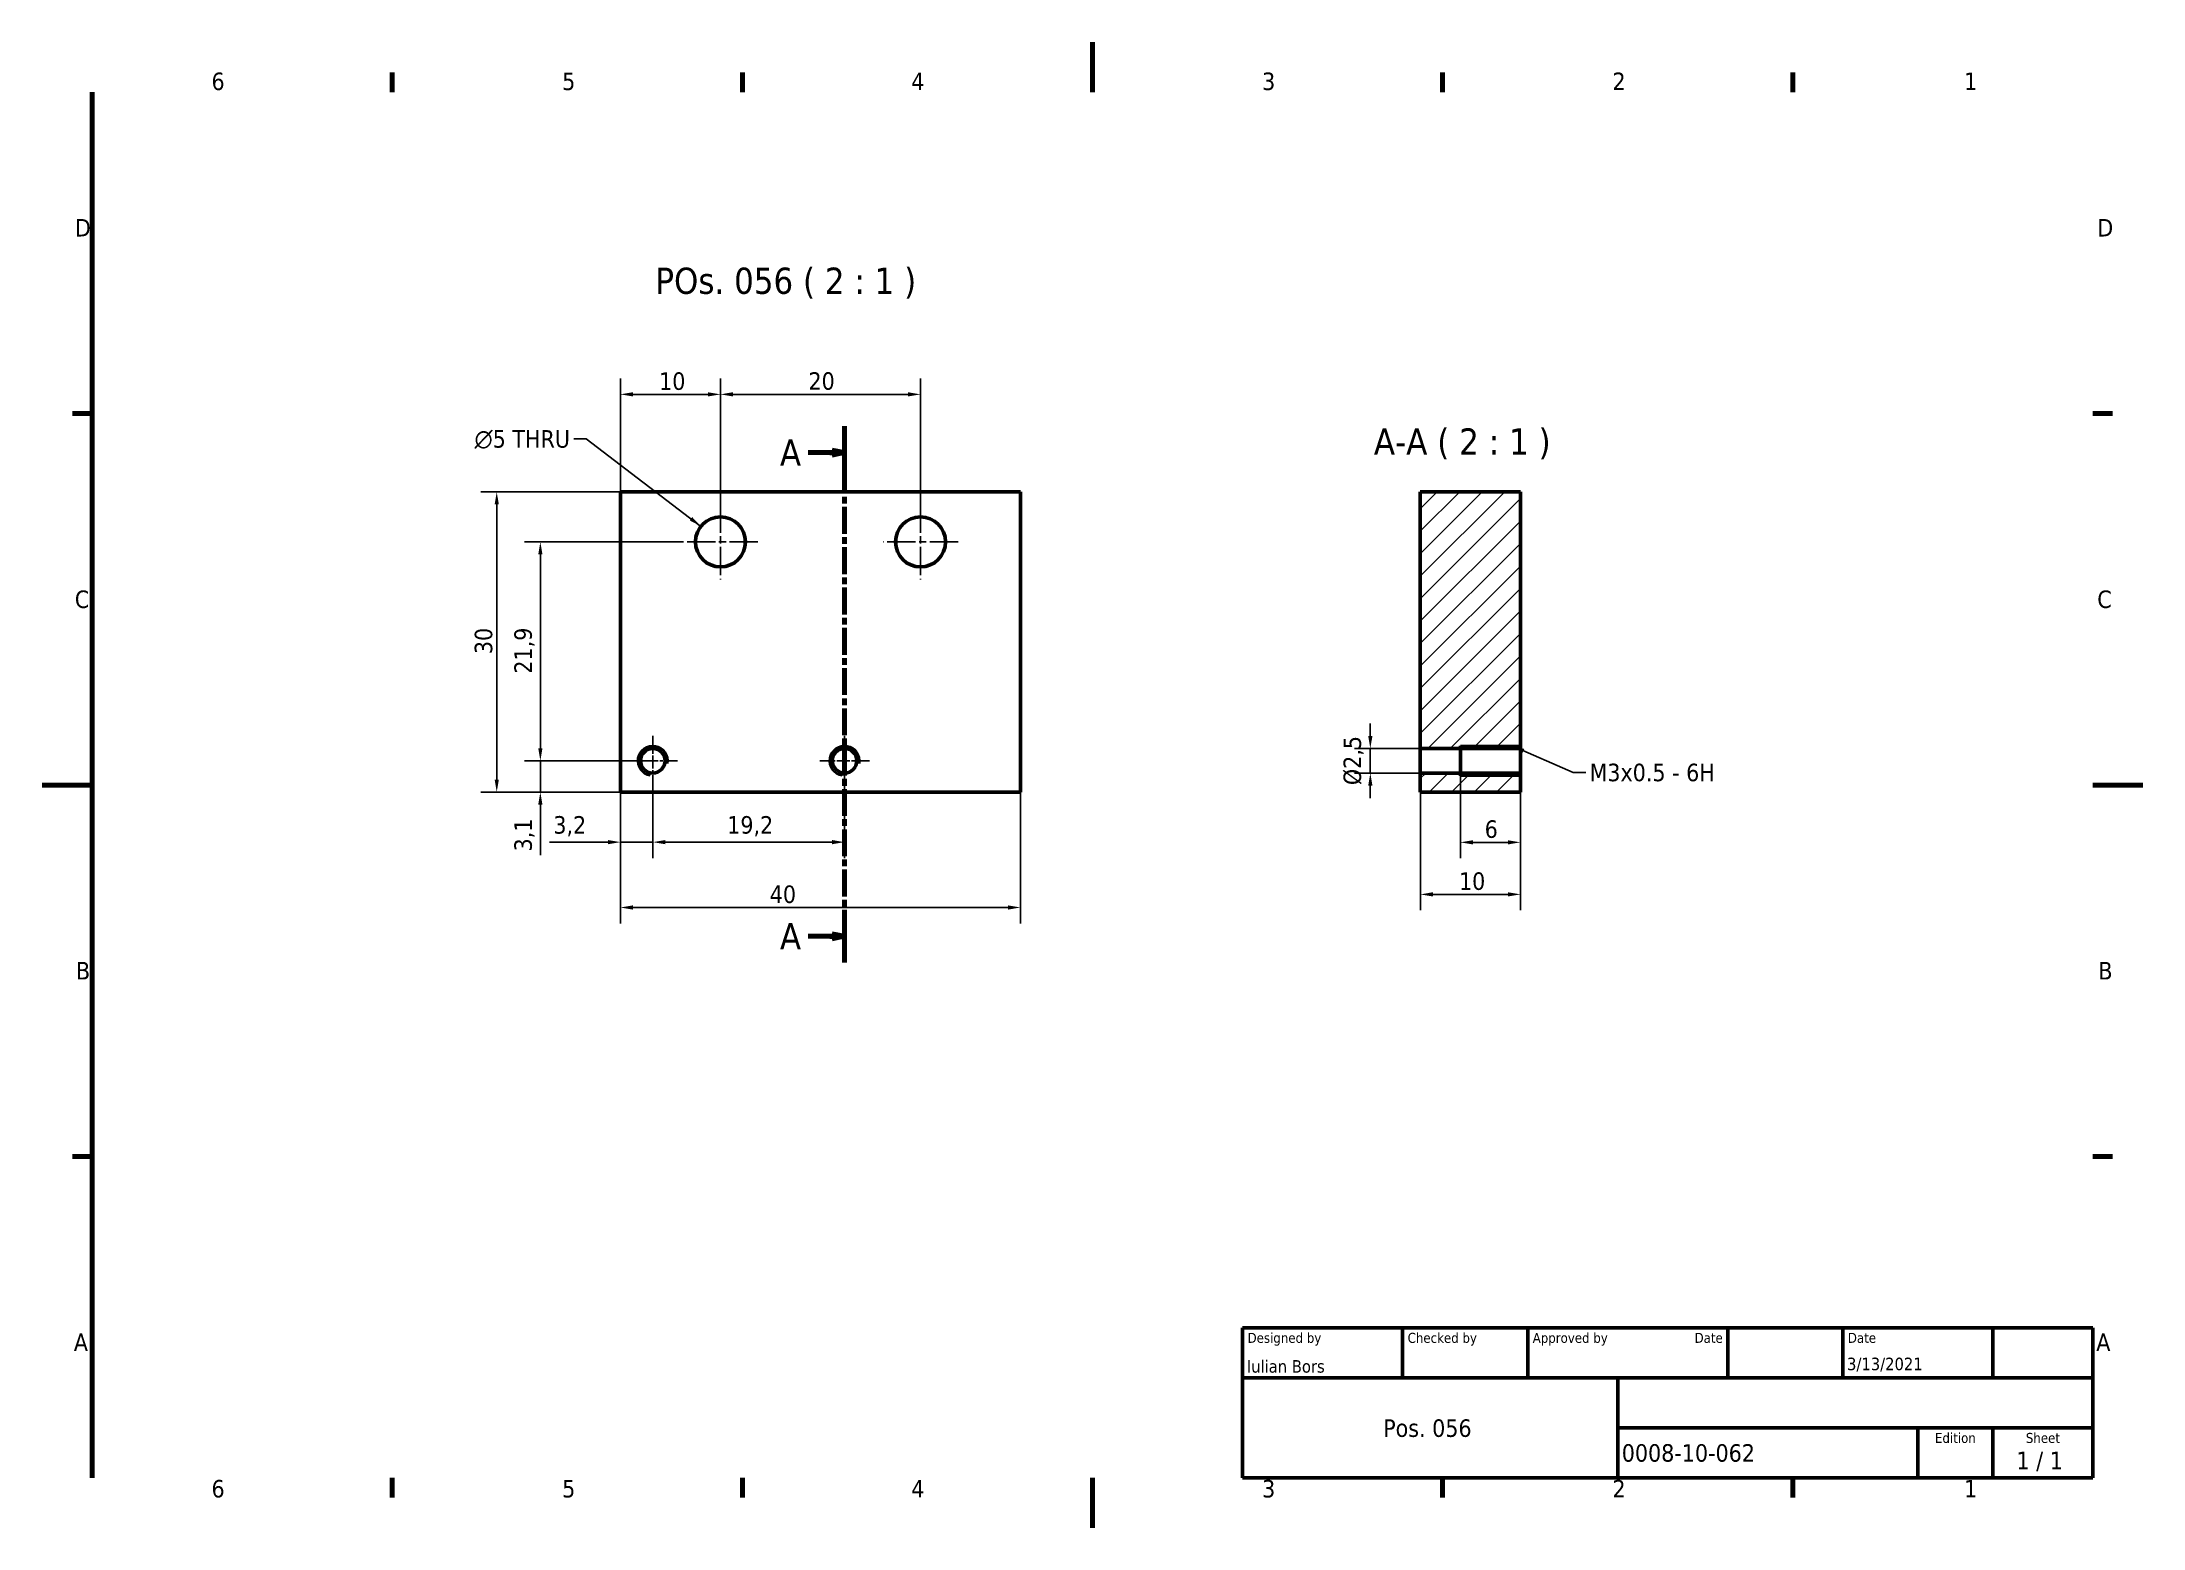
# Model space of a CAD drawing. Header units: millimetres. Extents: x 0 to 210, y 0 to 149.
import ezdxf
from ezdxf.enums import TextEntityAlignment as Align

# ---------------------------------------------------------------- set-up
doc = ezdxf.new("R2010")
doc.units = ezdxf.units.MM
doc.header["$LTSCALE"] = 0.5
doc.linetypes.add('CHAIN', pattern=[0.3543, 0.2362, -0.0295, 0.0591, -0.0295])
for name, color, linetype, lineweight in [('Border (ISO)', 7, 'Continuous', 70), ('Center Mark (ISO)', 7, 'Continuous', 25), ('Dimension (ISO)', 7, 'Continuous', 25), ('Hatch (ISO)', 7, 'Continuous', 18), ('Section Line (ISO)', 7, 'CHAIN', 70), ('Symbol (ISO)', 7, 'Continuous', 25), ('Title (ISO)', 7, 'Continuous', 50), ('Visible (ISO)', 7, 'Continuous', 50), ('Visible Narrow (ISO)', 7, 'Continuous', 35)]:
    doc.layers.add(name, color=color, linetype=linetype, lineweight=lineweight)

======

### Your objective
With images left out, the data must be transcribed exactly.

### Expected output
# Model space of a CAD drawing. Header units: millimetres. Extents: x 0 to 210, y 0 to 149.
import ezdxf
from ezdxf.enums import TextEntityAlignment as Align

# ---------------------------------------------------------------- set-up
doc = ezdxf.new("R2010")
doc.units = ezdxf.units.MM
doc.header["$LTSCALE"] = 0.5
doc.linetypes.add('CHAIN', pattern=[0.3543, 0.2362, -0.0295, 0.0591, -0.0295])
for name, color, linetype, lineweight in [('Border (ISO)', 7, 'Continuous', 70), ('Center Mark (ISO)', 7, 'Continuous', 25), ('Dimension (ISO)', 7, 'Continuous', 25), ('Hatch (ISO)', 7, 'Continuous', 18), ('Section Line (ISO)', 7, 'CHAIN', 70), ('Symbol (ISO)', 7, 'Continuous', 25), ('Title (ISO)', 7, 'Continuous', 50), ('Visible (ISO)', 7, 'Continuous', 50), ('Visible Narrow (ISO)', 7, 'Continuous', 35)]:
    doc.layers.add(name, color=color, linetype=linetype, lineweight=lineweight)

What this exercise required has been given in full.